For the listing below, report all lines that hold the word "VECTOR".
%%
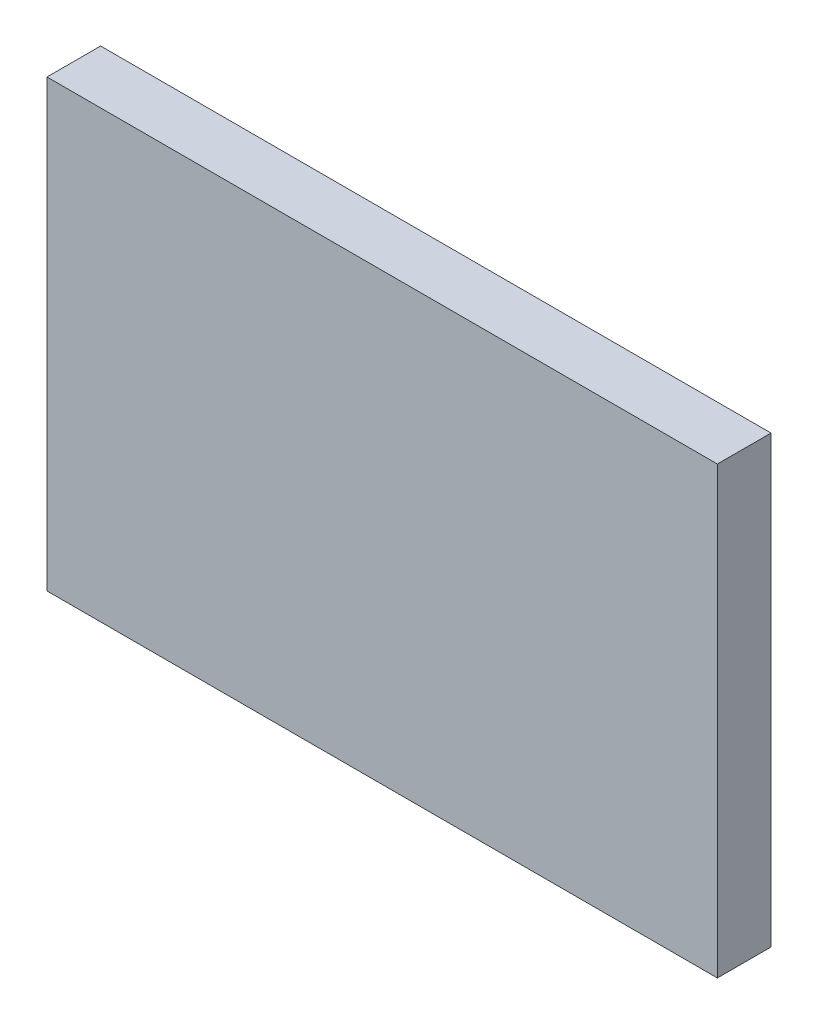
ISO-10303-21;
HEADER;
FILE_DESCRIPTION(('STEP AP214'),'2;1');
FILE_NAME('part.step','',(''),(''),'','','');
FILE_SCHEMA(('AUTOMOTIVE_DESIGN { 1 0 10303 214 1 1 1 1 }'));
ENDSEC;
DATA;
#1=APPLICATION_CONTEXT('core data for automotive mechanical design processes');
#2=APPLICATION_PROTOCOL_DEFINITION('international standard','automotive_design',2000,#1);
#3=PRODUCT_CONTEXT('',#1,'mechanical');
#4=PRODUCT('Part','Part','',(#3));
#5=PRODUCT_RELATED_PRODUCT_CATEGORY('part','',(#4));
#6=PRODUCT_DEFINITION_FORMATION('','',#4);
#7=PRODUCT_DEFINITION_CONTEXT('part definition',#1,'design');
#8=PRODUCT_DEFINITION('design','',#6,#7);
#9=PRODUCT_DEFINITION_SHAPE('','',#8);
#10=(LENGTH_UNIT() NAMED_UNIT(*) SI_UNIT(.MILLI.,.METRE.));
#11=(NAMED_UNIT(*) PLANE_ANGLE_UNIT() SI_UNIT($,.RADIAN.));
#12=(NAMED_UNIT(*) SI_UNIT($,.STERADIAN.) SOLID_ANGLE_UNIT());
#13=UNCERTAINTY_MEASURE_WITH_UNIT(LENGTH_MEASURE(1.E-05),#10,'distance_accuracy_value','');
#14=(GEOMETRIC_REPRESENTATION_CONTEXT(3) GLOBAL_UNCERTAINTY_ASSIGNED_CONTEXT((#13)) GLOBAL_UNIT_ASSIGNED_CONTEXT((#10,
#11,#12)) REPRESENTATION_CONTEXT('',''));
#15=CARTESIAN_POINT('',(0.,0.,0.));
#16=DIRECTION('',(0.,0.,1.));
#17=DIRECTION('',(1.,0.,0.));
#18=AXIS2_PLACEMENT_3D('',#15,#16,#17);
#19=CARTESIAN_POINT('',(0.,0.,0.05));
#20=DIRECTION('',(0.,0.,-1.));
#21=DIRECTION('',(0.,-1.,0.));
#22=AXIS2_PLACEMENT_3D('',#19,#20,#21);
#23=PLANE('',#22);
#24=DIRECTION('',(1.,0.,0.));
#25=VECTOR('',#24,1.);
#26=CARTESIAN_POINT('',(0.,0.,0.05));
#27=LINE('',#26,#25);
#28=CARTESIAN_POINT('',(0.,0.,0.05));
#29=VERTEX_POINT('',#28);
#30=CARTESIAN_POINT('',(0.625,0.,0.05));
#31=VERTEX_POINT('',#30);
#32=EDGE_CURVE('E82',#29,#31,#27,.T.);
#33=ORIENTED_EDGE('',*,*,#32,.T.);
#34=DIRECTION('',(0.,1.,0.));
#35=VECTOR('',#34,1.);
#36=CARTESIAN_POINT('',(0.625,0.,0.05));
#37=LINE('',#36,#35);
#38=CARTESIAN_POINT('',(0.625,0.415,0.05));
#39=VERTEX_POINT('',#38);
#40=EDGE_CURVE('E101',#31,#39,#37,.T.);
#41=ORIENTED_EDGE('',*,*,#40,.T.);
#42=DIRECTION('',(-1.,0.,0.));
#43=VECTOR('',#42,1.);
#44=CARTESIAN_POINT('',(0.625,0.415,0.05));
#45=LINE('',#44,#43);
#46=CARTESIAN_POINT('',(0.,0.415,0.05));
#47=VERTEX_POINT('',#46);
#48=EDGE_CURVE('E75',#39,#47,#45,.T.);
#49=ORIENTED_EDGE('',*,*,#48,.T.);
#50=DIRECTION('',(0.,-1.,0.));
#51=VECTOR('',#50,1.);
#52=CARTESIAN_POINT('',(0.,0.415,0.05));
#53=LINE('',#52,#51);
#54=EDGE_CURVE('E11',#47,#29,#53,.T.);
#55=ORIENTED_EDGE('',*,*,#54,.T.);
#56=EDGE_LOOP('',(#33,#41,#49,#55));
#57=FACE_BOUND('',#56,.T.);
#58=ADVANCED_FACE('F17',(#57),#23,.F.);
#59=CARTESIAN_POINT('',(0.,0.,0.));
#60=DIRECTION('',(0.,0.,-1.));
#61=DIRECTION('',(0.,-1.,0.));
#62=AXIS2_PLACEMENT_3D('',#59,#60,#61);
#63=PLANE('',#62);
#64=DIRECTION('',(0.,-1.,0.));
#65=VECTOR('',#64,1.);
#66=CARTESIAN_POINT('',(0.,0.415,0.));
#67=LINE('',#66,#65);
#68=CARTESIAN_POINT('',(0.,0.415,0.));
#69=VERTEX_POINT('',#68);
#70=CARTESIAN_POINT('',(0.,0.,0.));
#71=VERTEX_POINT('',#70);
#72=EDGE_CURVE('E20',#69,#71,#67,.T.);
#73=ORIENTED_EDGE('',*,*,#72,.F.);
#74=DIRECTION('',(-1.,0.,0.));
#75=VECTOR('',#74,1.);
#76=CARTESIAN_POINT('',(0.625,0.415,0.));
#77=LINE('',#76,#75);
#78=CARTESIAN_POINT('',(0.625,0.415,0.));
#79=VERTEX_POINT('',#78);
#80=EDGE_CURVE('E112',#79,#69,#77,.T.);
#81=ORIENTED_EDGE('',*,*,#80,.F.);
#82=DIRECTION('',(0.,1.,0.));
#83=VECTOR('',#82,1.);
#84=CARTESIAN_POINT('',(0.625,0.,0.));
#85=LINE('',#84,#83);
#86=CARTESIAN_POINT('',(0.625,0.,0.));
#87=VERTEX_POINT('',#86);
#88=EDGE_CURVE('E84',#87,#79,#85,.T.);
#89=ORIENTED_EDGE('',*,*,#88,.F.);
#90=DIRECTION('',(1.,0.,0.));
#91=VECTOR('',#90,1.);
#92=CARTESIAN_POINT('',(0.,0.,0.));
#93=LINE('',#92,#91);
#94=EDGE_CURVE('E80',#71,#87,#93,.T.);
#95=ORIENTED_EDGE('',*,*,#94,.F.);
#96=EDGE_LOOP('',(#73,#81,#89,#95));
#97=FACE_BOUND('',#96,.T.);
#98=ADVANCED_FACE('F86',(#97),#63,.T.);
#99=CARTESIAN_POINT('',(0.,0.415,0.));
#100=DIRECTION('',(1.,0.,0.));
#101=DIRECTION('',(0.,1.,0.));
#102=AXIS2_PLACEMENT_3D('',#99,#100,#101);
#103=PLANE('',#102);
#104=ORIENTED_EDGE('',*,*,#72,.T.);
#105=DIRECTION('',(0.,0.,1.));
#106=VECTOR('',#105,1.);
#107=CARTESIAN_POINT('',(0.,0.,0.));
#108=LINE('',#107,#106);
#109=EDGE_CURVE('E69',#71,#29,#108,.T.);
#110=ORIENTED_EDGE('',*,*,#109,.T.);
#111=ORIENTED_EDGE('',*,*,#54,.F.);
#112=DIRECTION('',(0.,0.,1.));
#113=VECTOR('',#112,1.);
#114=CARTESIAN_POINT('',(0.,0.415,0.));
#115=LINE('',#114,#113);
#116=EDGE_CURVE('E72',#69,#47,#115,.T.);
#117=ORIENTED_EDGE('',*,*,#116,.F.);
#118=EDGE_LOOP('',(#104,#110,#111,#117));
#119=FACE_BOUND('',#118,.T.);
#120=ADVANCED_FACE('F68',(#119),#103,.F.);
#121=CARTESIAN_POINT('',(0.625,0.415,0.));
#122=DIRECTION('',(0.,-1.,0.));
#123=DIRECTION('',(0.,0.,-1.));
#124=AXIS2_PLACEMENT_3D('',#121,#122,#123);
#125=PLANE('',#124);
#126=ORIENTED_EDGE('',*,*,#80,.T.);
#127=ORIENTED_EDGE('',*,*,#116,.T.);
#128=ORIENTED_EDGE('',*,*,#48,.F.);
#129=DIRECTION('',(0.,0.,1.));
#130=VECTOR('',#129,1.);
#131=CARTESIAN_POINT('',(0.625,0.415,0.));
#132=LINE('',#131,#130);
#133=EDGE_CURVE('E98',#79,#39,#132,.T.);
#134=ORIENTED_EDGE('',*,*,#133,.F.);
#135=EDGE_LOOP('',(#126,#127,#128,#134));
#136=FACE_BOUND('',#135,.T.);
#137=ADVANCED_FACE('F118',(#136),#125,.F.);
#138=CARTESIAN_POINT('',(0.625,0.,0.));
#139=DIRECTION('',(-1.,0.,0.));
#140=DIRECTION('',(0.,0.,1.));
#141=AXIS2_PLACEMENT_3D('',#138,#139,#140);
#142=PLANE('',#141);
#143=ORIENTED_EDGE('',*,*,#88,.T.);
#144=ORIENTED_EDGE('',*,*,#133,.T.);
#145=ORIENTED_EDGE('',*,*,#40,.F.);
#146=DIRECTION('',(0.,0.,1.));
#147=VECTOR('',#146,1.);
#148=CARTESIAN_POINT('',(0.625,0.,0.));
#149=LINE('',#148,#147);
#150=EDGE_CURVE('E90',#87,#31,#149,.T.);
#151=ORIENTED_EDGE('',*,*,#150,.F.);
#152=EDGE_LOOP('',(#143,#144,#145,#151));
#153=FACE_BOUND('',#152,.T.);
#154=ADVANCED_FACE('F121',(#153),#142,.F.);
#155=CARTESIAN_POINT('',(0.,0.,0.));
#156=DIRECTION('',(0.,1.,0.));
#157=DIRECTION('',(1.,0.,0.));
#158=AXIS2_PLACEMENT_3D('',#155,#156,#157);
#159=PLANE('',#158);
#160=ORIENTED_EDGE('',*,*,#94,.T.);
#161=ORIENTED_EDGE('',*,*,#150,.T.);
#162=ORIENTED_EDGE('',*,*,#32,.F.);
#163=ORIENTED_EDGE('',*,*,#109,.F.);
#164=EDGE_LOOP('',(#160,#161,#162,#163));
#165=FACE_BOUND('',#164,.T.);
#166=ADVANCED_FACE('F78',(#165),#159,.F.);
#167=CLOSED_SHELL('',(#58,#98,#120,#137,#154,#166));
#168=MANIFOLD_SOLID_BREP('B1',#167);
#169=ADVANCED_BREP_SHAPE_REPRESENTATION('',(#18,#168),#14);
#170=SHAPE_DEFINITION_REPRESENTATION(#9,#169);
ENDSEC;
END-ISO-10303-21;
%%
--- SOLUTION ---
#25=VECTOR('',#24,1.);
#35=VECTOR('',#34,1.);
#43=VECTOR('',#42,1.);
#51=VECTOR('',#50,1.);
#65=VECTOR('',#64,1.);
#75=VECTOR('',#74,1.);
#83=VECTOR('',#82,1.);
#91=VECTOR('',#90,1.);
#106=VECTOR('',#105,1.);
#113=VECTOR('',#112,1.);
#130=VECTOR('',#129,1.);
#147=VECTOR('',#146,1.);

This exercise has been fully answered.